# Breeding Grammostola Rosea



## Georginie (Nov 28, 2009)

How do you breed these?


----------



## herps06 (Jan 5, 2009)

It's not very difficult really. Make sure that the female has eaten enough prior to breeding so that it is not as likely for the male to be eaten. Wait until the male makes a fresh sperm web and mating can take place a day or two after this. If the male is not making sperm webs then either introduve him to the female (risky) or place his inclosure next to that of the female's so that he is aware of her presence. Introduce the male into the female's enclosure and wait until they show signs of breeding behavoir (i.e. drumming, jerking, etc.). Stay for the entire "performence" with some tongs or a paint brush to help the male if things get nasty. Introduce the male multiple times to make sure that the job was done properly. After about a month the female should have a very large abdomen and you should feed her normally. When the female lays an egg sac, wait 20 to 30 days before pulling it. If the female starts eating it, pull it immediately. There are a few ways to raise the slings from eggs or eggs w/ legs but I prefer Robc's (tarantulaguy1976 on youtube) way. The slings should be seperated once they are second instars.


----------



## Ricki123 (Mar 10, 2009)

And also make sure your female has shed recently and not about to go into a moult!
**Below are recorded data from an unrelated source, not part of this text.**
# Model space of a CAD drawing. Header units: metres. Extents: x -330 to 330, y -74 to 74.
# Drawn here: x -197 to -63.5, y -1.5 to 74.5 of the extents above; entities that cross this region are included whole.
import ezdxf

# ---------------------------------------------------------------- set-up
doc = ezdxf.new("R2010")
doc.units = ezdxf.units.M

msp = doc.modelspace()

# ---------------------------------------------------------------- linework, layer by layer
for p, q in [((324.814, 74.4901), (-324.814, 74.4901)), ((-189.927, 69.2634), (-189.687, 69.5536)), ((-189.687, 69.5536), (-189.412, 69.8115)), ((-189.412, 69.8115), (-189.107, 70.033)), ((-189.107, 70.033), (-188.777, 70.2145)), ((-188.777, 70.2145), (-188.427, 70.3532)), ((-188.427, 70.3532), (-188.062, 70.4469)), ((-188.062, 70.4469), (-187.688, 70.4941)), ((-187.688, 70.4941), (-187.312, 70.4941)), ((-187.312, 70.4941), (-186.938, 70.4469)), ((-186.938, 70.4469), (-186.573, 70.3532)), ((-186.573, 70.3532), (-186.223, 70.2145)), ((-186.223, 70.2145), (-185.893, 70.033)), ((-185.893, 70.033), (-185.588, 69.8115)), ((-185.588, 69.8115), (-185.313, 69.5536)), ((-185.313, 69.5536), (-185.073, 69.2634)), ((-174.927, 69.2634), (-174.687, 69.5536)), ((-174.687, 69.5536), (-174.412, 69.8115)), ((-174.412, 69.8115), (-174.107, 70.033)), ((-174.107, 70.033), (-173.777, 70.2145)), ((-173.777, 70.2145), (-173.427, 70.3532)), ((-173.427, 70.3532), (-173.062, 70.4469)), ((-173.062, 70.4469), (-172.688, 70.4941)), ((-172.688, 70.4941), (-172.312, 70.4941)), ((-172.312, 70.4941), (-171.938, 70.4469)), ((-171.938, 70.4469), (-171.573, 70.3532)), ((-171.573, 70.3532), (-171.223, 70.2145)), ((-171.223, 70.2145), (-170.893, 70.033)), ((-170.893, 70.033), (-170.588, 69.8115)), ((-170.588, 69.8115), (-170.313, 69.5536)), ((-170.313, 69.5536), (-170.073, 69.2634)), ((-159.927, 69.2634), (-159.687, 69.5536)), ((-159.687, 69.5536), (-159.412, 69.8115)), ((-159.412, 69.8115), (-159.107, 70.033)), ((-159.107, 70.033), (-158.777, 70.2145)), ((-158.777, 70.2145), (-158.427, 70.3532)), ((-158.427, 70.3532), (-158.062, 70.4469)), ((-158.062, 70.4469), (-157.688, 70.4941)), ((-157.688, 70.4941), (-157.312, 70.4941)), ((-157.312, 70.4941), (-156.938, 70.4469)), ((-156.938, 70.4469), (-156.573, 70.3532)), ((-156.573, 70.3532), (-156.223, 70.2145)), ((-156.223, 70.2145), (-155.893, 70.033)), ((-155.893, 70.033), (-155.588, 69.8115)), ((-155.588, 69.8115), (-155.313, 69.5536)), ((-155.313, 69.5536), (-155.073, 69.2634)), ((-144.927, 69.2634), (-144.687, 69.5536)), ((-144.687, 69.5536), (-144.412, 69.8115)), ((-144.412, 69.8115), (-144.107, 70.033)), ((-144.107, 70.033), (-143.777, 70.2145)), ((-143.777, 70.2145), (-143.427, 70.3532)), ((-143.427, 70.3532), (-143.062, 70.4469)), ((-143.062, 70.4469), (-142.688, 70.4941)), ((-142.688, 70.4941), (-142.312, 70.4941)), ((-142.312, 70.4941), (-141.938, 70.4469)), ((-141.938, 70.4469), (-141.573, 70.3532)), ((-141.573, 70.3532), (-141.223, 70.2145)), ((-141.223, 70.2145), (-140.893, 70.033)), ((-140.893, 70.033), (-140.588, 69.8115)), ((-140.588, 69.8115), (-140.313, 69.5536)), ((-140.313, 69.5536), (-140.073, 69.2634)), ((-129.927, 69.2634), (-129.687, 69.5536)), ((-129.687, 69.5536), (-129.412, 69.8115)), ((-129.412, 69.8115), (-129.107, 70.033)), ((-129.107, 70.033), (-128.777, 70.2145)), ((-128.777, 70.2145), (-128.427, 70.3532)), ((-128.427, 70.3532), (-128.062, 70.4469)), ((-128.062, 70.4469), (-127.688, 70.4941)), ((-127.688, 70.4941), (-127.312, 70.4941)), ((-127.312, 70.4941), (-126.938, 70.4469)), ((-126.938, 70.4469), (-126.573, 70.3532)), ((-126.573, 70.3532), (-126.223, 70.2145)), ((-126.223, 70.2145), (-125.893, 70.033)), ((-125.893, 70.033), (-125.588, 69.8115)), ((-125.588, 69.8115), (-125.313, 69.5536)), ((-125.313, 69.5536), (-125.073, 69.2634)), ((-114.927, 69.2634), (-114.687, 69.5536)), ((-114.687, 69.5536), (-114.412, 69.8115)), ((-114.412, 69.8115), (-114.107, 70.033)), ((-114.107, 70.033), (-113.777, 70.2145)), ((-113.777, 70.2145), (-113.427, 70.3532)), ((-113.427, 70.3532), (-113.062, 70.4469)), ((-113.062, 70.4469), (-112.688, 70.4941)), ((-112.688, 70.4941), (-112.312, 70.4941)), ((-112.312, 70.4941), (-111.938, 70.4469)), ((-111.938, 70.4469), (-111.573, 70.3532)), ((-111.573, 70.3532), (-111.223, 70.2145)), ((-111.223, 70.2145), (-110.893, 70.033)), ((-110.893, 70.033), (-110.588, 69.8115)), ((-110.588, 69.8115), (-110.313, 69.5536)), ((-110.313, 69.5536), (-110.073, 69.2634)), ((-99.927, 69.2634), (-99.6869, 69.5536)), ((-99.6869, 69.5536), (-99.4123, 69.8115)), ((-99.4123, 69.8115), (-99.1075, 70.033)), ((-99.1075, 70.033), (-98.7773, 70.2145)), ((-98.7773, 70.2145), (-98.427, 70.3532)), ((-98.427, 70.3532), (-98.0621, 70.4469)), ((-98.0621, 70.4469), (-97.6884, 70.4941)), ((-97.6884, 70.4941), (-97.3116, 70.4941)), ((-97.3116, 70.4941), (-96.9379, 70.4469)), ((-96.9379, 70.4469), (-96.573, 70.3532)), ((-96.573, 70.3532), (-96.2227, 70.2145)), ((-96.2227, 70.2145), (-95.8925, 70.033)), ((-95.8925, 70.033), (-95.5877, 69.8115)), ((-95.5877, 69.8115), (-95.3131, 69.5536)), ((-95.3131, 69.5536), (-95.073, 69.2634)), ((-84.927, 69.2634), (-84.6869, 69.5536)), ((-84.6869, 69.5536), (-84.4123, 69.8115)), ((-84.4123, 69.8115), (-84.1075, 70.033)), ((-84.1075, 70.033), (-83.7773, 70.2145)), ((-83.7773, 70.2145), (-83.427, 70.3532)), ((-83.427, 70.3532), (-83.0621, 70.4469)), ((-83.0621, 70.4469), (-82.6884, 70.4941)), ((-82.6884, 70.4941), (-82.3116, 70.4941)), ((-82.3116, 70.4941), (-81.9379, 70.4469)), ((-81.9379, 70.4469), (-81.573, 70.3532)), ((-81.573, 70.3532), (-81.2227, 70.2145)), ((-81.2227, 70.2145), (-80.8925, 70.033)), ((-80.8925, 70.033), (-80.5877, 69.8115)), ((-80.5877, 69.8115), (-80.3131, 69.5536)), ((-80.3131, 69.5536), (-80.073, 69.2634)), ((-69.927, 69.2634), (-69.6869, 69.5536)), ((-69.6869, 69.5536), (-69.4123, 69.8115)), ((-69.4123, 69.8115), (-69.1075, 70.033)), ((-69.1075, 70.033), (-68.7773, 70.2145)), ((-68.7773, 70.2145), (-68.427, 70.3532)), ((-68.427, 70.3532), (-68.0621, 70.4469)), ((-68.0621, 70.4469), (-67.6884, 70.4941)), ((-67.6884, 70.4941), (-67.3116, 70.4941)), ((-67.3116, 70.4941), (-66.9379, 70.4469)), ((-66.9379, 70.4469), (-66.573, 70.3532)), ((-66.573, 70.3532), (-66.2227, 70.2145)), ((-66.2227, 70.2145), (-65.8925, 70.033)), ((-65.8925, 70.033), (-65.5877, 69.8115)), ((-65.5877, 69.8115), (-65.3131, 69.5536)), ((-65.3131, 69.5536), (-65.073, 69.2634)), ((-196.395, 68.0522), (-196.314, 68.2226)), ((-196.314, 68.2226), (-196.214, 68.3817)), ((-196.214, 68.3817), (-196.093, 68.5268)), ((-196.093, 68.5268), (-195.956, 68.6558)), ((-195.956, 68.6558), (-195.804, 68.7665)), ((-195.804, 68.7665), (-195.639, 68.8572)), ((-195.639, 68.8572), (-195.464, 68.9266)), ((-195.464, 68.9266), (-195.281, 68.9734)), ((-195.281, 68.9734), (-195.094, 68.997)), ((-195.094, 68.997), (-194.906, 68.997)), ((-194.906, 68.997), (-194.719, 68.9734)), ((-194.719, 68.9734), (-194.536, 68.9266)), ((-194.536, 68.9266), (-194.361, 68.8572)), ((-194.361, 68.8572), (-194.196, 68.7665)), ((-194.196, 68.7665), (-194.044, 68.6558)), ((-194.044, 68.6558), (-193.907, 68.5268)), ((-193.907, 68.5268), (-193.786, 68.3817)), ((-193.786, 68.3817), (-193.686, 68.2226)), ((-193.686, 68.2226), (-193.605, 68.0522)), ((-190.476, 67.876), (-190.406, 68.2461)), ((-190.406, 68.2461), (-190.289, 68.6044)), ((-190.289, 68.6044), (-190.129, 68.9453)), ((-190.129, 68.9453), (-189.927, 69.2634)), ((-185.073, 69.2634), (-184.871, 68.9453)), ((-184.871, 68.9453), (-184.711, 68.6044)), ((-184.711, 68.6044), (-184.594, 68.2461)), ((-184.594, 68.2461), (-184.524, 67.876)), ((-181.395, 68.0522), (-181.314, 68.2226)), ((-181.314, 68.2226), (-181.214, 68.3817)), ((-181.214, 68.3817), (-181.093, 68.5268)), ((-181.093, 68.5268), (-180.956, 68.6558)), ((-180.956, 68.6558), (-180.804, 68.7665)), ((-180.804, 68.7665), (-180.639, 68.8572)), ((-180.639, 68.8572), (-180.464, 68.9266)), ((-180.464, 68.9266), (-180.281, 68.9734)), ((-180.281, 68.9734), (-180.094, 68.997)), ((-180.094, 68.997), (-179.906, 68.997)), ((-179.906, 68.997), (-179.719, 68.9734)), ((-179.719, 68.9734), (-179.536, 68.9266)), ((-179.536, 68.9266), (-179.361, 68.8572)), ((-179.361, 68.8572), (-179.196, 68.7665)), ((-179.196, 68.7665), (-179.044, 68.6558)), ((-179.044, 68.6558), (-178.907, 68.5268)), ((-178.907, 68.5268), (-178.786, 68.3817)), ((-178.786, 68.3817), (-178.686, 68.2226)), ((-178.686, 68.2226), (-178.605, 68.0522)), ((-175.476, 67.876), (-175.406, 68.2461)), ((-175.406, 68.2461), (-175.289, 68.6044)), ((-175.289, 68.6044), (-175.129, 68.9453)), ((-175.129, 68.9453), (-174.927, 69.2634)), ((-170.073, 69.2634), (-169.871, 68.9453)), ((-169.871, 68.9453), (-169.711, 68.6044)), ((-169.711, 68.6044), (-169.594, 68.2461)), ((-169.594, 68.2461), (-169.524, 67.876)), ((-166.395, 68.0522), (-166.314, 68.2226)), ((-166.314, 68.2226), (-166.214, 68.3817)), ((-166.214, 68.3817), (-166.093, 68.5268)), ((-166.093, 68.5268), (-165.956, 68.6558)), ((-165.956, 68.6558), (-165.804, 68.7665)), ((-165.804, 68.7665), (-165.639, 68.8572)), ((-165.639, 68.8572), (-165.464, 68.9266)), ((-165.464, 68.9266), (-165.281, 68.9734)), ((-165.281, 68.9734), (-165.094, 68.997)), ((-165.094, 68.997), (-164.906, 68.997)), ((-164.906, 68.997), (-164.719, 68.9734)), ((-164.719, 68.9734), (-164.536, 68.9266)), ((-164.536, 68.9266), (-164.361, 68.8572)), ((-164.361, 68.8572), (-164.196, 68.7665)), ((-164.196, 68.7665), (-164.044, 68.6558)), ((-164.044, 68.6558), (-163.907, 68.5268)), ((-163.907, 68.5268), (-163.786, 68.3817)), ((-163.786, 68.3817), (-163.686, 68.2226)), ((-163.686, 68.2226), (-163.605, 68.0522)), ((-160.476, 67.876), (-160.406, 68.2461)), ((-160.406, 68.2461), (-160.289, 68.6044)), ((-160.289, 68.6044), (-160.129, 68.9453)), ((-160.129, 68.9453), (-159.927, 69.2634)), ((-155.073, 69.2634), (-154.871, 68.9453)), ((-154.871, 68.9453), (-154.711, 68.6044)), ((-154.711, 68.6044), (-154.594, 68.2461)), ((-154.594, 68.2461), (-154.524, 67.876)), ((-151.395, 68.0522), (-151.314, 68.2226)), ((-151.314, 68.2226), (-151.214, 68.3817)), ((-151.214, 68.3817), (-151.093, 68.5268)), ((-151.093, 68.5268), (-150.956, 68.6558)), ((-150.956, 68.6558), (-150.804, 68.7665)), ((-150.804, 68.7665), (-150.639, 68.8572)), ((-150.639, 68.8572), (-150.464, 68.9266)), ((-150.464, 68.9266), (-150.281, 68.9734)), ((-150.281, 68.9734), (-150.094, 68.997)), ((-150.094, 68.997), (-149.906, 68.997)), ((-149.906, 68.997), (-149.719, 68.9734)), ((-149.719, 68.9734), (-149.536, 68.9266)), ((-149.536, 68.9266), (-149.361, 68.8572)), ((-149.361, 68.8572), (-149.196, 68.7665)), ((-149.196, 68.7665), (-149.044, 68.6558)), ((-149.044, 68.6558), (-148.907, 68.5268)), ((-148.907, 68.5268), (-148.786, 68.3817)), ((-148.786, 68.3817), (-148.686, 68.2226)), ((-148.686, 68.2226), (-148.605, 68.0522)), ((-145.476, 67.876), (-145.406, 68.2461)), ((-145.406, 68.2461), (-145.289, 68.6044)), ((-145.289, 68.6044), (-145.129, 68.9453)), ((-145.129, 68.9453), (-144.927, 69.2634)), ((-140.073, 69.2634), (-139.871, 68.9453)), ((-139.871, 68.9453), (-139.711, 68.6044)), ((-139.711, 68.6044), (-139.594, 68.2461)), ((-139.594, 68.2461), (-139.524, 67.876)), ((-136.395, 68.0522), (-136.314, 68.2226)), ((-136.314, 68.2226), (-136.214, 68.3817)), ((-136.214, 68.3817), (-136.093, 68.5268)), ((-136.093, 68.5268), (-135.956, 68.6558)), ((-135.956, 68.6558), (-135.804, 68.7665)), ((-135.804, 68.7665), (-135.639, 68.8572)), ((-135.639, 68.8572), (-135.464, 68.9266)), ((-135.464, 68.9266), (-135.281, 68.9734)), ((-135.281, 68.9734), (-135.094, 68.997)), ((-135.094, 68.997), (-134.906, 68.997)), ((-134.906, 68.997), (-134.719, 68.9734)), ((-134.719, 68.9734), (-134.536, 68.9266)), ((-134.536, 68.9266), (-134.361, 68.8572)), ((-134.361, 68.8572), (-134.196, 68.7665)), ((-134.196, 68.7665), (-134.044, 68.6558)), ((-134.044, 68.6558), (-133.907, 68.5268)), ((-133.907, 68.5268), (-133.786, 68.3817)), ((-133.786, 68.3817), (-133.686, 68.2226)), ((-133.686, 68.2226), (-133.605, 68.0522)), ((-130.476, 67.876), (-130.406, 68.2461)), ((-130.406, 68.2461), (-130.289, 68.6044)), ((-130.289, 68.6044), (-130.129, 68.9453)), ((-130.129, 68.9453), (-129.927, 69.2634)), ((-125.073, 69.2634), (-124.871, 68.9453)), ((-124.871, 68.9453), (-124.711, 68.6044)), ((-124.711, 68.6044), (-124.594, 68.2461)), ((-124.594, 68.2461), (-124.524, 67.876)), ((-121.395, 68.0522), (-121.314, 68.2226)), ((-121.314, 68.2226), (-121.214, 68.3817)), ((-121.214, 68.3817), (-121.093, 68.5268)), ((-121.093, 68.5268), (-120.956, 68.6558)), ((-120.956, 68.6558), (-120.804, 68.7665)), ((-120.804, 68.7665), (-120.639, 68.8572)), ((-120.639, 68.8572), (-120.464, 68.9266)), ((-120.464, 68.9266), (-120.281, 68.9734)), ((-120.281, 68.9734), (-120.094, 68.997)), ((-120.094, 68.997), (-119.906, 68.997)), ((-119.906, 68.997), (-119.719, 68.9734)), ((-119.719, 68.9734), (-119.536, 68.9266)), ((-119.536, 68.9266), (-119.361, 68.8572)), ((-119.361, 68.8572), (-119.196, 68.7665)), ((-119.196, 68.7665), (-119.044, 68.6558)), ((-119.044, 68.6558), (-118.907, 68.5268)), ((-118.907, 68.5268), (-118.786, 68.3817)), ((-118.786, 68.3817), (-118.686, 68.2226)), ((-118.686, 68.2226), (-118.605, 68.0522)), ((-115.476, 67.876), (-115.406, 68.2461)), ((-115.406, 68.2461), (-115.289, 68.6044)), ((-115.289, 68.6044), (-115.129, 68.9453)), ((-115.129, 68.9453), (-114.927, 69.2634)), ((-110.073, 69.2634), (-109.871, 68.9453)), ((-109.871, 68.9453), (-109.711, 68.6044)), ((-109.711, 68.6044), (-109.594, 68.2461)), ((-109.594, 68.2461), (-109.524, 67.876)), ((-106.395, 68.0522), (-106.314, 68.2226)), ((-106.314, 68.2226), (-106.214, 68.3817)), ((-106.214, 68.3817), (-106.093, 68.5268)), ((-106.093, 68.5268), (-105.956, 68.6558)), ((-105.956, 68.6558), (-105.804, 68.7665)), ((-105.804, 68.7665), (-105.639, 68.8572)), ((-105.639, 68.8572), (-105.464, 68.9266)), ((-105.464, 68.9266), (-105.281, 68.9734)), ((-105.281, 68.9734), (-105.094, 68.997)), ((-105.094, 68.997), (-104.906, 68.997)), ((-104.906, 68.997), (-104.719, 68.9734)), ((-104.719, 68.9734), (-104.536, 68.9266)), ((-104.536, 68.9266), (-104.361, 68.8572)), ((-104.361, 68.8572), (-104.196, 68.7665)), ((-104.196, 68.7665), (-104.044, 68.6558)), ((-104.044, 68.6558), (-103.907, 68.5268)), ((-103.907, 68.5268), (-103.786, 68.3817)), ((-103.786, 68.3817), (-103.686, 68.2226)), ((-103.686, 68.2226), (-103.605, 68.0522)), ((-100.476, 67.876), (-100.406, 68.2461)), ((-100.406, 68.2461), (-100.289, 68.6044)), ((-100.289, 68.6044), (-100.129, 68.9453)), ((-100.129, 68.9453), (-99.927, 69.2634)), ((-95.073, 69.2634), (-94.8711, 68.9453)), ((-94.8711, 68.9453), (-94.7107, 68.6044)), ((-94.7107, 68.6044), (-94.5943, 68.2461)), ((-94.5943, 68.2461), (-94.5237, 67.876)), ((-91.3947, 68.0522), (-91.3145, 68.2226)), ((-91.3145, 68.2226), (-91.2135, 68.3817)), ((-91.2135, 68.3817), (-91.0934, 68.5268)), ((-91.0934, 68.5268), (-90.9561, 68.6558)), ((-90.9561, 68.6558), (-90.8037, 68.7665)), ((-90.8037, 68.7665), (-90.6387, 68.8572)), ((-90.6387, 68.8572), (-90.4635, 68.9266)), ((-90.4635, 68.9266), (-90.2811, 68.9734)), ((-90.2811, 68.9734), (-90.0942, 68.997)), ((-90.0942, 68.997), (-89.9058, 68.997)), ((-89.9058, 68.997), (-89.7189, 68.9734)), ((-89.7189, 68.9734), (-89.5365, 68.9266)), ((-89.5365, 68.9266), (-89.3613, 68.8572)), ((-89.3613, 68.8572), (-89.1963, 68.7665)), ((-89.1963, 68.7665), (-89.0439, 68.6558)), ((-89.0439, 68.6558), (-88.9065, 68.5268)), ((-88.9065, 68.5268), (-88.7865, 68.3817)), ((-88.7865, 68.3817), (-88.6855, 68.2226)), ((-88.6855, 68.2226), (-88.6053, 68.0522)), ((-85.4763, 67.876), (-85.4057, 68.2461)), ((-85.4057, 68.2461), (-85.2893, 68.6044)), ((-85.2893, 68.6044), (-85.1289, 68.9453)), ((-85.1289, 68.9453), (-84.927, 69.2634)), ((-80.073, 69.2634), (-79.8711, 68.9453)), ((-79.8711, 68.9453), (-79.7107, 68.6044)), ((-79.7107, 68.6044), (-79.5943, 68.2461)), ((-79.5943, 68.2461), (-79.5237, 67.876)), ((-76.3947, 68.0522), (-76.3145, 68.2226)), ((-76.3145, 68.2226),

Otherwise the sperm will be lost with the old exuvium!


----------



## RAZZ-MCFC (Jan 25, 2010)

he'd have to be seriously unlucky if a chile rose moulted out the sperm, they must moult once in a blue moon


----------



## My plague (Aug 15, 2009)

RAZZ-MCFC said:


> he'd have to be seriously unlucky if a chile rose moulted out the sperm, they must moult once in a blue moon


 :lol2:


----------



## SpiderGirl33 (Sep 2, 2007)

They can be tricky, I'd recommend after mating, giving the female a cooling period, then a hot wet spell to get things going, they usually produce a sac or moult a year or so after mating. 
Good luck, you'll need it!!! : victory:


----------



## Hedgewitch (Feb 12, 2008)

Also make sure both the male and female are _G. rosea_, aka RCF, as NCF is _G. porteri_.


----------